=== Begin Enclosure ===
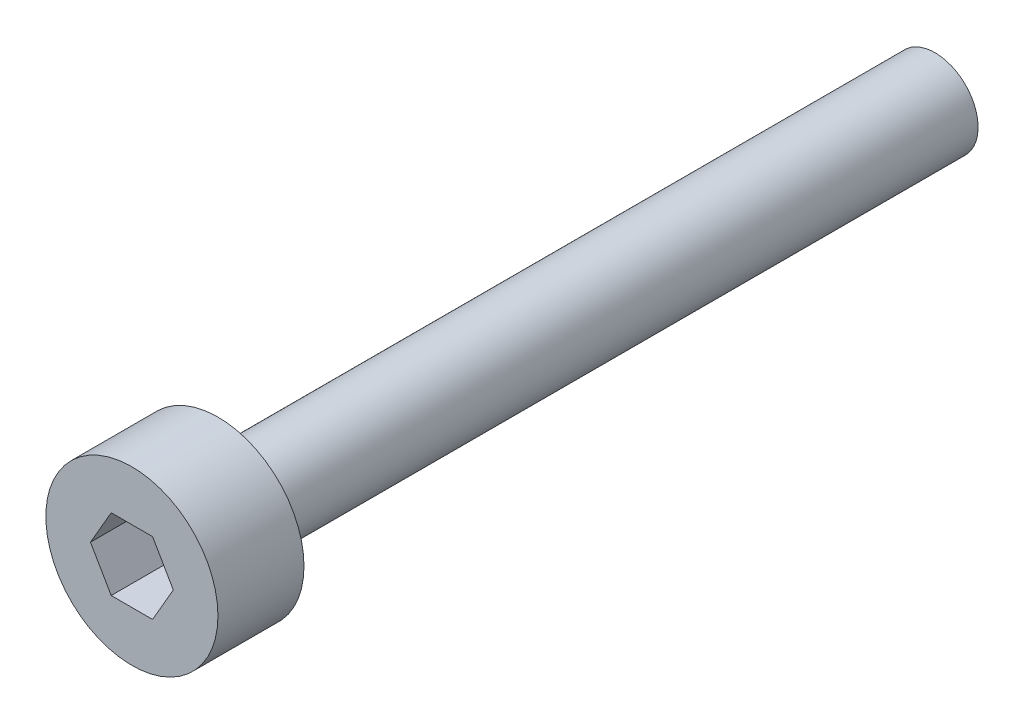
from build123d import *

# Parameters (mm, degrees)
SKETCH_5_R          = 3
EXTRUDE_1_DEPTH     = 3
CUT_EXTRUDE_1_DEPTH = 2
SKETCH_7_R          = 1.5
EXTRUDE_2_DEPTH     = 25


with BuildPart() as part:
    # ｽｹｯﾁ5 → ﾎﾞｽ - 押し出し1 (new body)
    with BuildSketch(Plane.XY):
        Circle(SKETCH_5_R)
    extrude(amount=EXTRUDE_1_DEPTH)

    # ｽｹｯﾁ6 → ｶｯﾄ - 押し出し1 (cut)
    with BuildSketch(Plane.XY.offset(3)):
        Polygon((1.443375673, 0), (0.721687836, 1.25), (-0.721687836, 1.25), (-1.443375673, 0), (-0.721687836, -1.25), (0.721687836, -1.25), align=None)
    extrude(amount=-CUT_EXTRUDE_1_DEPTH, mode=Mode.SUBTRACT)

    # ｽｹｯﾁ7 → ﾎﾞｽ - 押し出し2 (add)
    with BuildSketch(Plane(origin=(0, 0, 0), x_dir=(-1, 0, 0), z_dir=(0, 0, -1))):
        Circle(SKETCH_7_R)
    extrude(amount=EXTRUDE_2_DEPTH)


solid = part.part
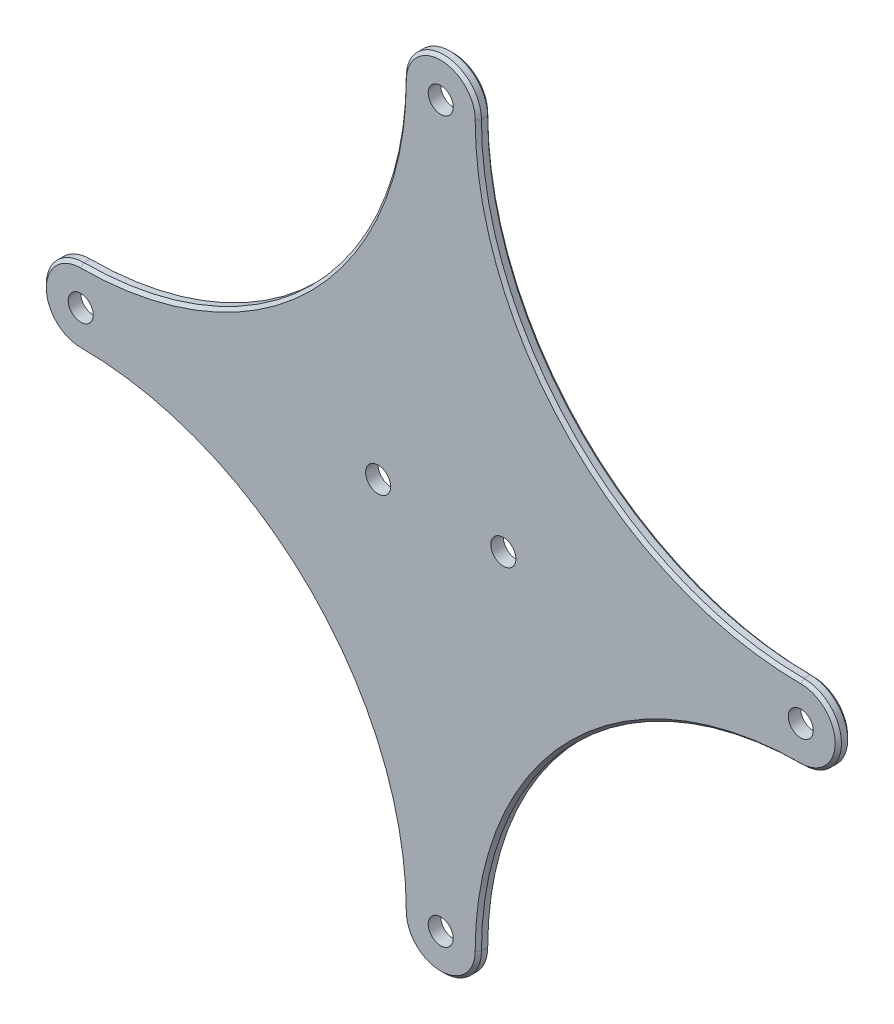
from build123d import *

# Parameters (mm, degrees)
IZIM1_R                     = 132.5
IZIM1_R_2                   = 4
Y_KSEKLIK_EKSTR_ZYON1_DEPTH = 4
SKETCH1_R                   = 147.896519427
CUT_EXTRUDE2_DEPTH          = 10
CHAMFER1_SIZE               = 1


with BuildPart() as part:
    # Çizim1 → Yükseklik-Ekstrüzyon1 (new body)
    with BuildSketch(Plane.XY):
        Circle(IZIM1_R)
        with Locations((0, 115)):
            Circle(IZIM1_R_2, mode=Mode.SUBTRACT)
        with Locations((115, 0)):
            Circle(IZIM1_R_2, mode=Mode.SUBTRACT)
        with Locations((0, -115)):
            Circle(IZIM1_R_2, mode=Mode.SUBTRACT)
        with Locations((-115, 0)):
            Circle(IZIM1_R_2, mode=Mode.SUBTRACT)
        with Locations((-20, 0)):
            Circle(IZIM1_R_2, mode=Mode.SUBTRACT)
        with Locations((20, 0)):
            Circle(IZIM1_R_2, mode=Mode.SUBTRACT)
    extrude(amount=Y_KSEKLIK_EKSTR_ZYON1_DEPTH)

    # Sketch1 → Cut-Extrude2 (cut)
    with BuildSketch(Plane.XY.offset(4)):
        Circle(SKETCH1_R)
        with BuildLine():
            ThreePointArc((12, 115), (0, 127), (-12, 115))
            ThreePointArc((-12, 115), (-42.168001538, 42.168001538), (-115, 12))
            ThreePointArc((-115, 12), (-127, 0), (-115, -12))
            ThreePointArc((-115, -12), (-42.168001538, -42.168001538), (-12, -115))
            ThreePointArc((-12, -115), (0, -127), (12, -115))
            ThreePointArc((12, -115), (42.168001538, -42.168001538), (115, -12))
            ThreePointArc((115, -12), (127, 0), (115, 12))
            ThreePointArc((115, 12), (42.168001538, 42.168001538), (12, 115))
        make_face(mode=Mode.SUBTRACT)
    extrude(amount=-CUT_EXTRUDE2_DEPTH, mode=Mode.SUBTRACT)

    # Chamfer1
    chamfer1_edges = [part.edges().sort_by_distance(p)[0] for p in [
        (127, 0, 0),
        (42.168001538, 42.168001538, 0),
        (0, 127, 0),
        (-42.168001538, 42.168001538, 0),
        (-127, 0, 0),
        (-42.168001538, -42.168001538, 0),
        (0, -127, 0),
        (42.168001538, -42.168001538, 0),
        (-42.168001538, -42.168001538, 4),
        (-127, 0, 4),
        (0, 127, 4),
        (42.168001538, 42.168001538, 4),
        (127, 0, 4),
        (42.168001538, -42.168001538, 4),
        (0, -127, 4),
        (-42.168001538, 42.168001538, 4),
    ]]
    chamfer(chamfer1_edges, length=CHAMFER1_SIZE)


solid = part.part
=== End Enclosure ===
### Task details
Leaving every image behind, repeat the data in full and exactly.

### Result of the exercise
from build123d import *

# Parameters (mm, degrees)
SKETCH_5_R          = 3
EXTRUDE_1_DEPTH     = 3
CUT_EXTRUDE_1_DEPTH = 2
SKETCH_7_R          = 1.5
EXTRUDE_2_DEPTH     = 25


with BuildPart() as part:
    # ｽｹｯﾁ5 → ﾎﾞｽ - 押し出し1 (new body)
    with BuildSketch(Plane.XY):
        Circle(SKETCH_5_R)
    extrude(amount=EXTRUDE_1_DEPTH)

    # ｽｹｯﾁ6 → ｶｯﾄ - 押し出し1 (cut)
    with BuildSketch(Plane.XY.offset(3)):
        Polygon((1.443375673, 0), (0.721687836, 1.25), (-0.721687836, 1.25), (-1.443375673, 0), (-0.721687836, -1.25), (0.721687836, -1.25), align=None)
    extrude(amount=-CUT_EXTRUDE_1_DEPTH, mode=Mode.SUBTRACT)

    # ｽｹｯﾁ7 → ﾎﾞｽ - 押し出し2 (add)
    with BuildSketch(Plane(origin=(0, 0, 0), x_dir=(-1, 0, 0), z_dir=(0, 0, -1))):
        Circle(SKETCH_7_R)
    extrude(amount=EXTRUDE_2_DEPTH)


solid = part.part
from build123d import *

# Parameters (mm, degrees)
IZIM1_R                     = 132.5
IZIM1_R_2                   = 4
Y_KSEKLIK_EKSTR_ZYON1_DEPTH = 4
SKETCH1_R                   = 147.896519427
CUT_EXTRUDE2_DEPTH          = 10
CHAMFER1_SIZE               = 1


with BuildPart() as part:
    # Çizim1 → Yükseklik-Ekstrüzyon1 (new body)
    with BuildSketch(Plane.XY):
        Circle(IZIM1_R)
        with Locations((0, 115)):
            Circle(IZIM1_R_2, mode=Mode.SUBTRACT)
        with Locations((115, 0)):
            Circle(IZIM1_R_2, mode=Mode.SUBTRACT)
        with Locations((0, -115)):
            Circle(IZIM1_R_2, mode=Mode.SUBTRACT)
        with Locations((-115, 0)):
            Circle(IZIM1_R_2, mode=Mode.SUBTRACT)
        with Locations((-20, 0)):
            Circle(IZIM1_R_2, mode=Mode.SUBTRACT)
        with Locations((20, 0)):
            Circle(IZIM1_R_2, mode=Mode.SUBTRACT)
    extrude(amount=Y_KSEKLIK_EKSTR_ZYON1_DEPTH)

    # Sketch1 → Cut-Extrude2 (cut)
    with BuildSketch(Plane.XY.offset(4)):
        Circle(SKETCH1_R)
        with BuildLine():
            ThreePointArc((12, 115), (0, 127), (-12, 115))
            ThreePointArc((-12, 115), (-42.168001538, 42.168001538), (-115, 12))
            ThreePointArc((-115, 12), (-127, 0), (-115, -12))
            ThreePointArc((-115, -12), (-42.168001538, -42.168001538), (-12, -115))
            ThreePointArc((-12, -115), (0, -127), (12, -115))
            ThreePointArc((12, -115), (42.168001538, -42.168001538), (115, -12))
            ThreePointArc((115, -12), (127, 0), (115, 12))
            ThreePointArc((115, 12), (42.168001538, 42.168001538), (12, 115))
        make_face(mode=Mode.SUBTRACT)
    extrude(amount=-CUT_EXTRUDE2_DEPTH, mode=Mode.SUBTRACT)

    # Chamfer1
    chamfer1_edges = [part.edges().sort_by_distance(p)[0] for p in [
        (127, 0, 0),
        (42.168001538, 42.168001538, 0),
        (0, 127, 0),
        (-42.168001538, 42.168001538, 0),
        (-127, 0, 0),
        (-42.168001538, -42.168001538, 0),
        (0, -127, 0),
        (42.168001538, -42.168001538, 0),
        (-42.168001538, -42.168001538, 4),
        (-127, 0, 4),
        (0, 127, 4),
        (42.168001538, 42.168001538, 4),
        (127, 0, 4),
        (42.168001538, -42.168001538, 4),
        (0, -127, 4),
        (-42.168001538, 42.168001538, 4),
    ]]
    chamfer(chamfer1_edges, length=CHAMFER1_SIZE)


solid = part.part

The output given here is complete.